Debbie Isitt (born 7 February 1966) is an English comic writer, film director, composer and performer.

Early life and education
Isitt was born in Birmingham. She went to Our Lady of Fatima Primary School and Lordswood Girls Secondary School and is a cousin of the footballer Darren Wassall.

Career
Isitt is best known for her Christmas comedy films, the Nativity! series, of which she has written and directed four to date.
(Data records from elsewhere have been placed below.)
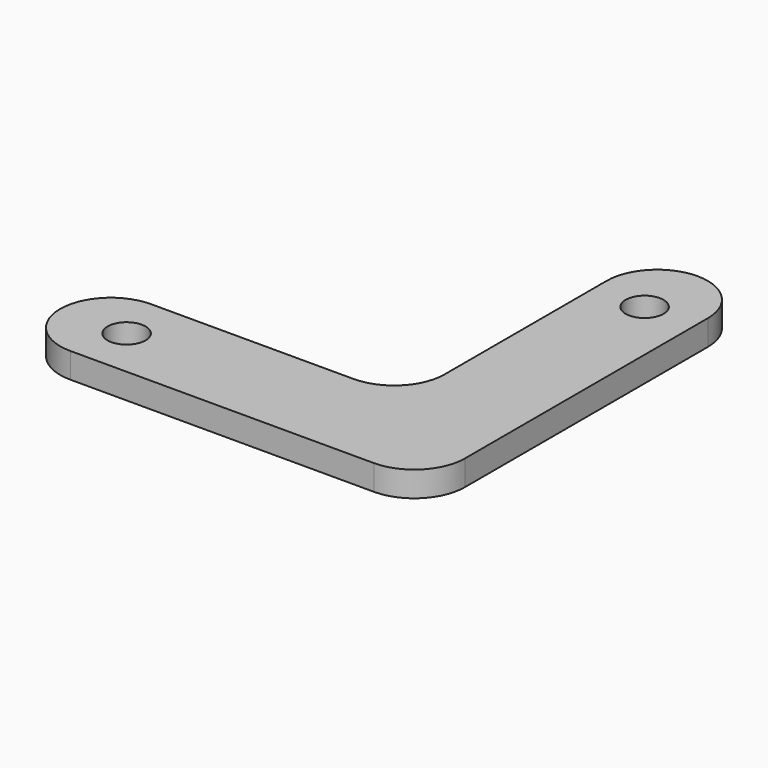
from build123d import *

# Parameters (mm, degrees)
F0_R     = 2.38125
F1_DEPTH = 3.175
F2_R     = 6.34999


# Not quite as in the source:
# - a fillet or chamfer is up to 0.001 mm smaller than in the source, because OpenCascade refuses the exact size


with BuildPart() as f1:
    # F0 (on Top) → F1 (new body)
    with BuildSketch(Plane.XY):
        Polygon((0, 12.7), (0, 0), (50.8, 0), (50.8, 50.8), (38.1, 50.8), (38.1, 12.7), align=None)
        with Locations((8.3286329803, 6.35)):
            Circle(F0_R, mode=Mode.SUBTRACT)
        with Locations((44.45, 42.4713670197)):
            Circle(F0_R, mode=Mode.SUBTRACT)
    extrude(amount=F1_DEPTH)

    # F2 (radius 6.35 in the source; OpenCascade refuses exactly that, so slightly less here)
    f2_edges = [f1.edges().sort_by_distance(p)[0] for p in [
        (0, 0, 1.5875),
        (0, 12.7, 1.5875),
        (38.1, 50.8, 1.5875),
        (38.1, 12.7, 1.5875),
        (50.8, 0, 1.5875),
        (50.8, 50.8, 1.5875),
    ]]
    fillet(f2_edges, radius=F2_R)


solid = f1.part

Prior to that, she wrote BAFTA award-winning television adaptation of Jacqueline Wilson's book, The Illustrated Mum, the stage play The Woman Who Cooked Her Husband, and the feature films Nasty Neighbours and Confetti.

Nativity!,  Isitt's third feature film, starring Martin Freeman, was released in November 2009. It became the most successful British independent film of the year. The sequel, Nativity 2: Danger in the Manger, starred David Tennant. Released in November 2012, and was also a financial success, making twice the amount at the UK box office as the original. Two further sequels, Nativity 3: Dude, Where's My Donkey? and Nativity Rocks!, were released in 2014 and 2018 respectively. They were financial successes, but received mixed reviews from critics.

In 2017, Isitt wrote, directed, and composed the music for a stage musical based on the first film in the Nativity! with her partner Nicky Ager. Nativity! The Musical ran from 20th October until 6th January and starred Daniel Boys, Simon Lipkin and Sarah Earnshaw. The show returned for a second tour in 2018. Simon Lipkin returned in the lead role as Mr. Poppy, joined by Scott Garnham and Ashleigh Gray. Garnham and Gray for a third tour in 2019, with Scott Paige playing the show's comic lead. However, Lipkin returned to reprise his role for the Hammersmith Apollo run of the show. The musical was ran at the Birmingham Rep for the 2022 Christmas season, after initially being postponed from 2020 and 2021 due to the COVID-19 pandemic.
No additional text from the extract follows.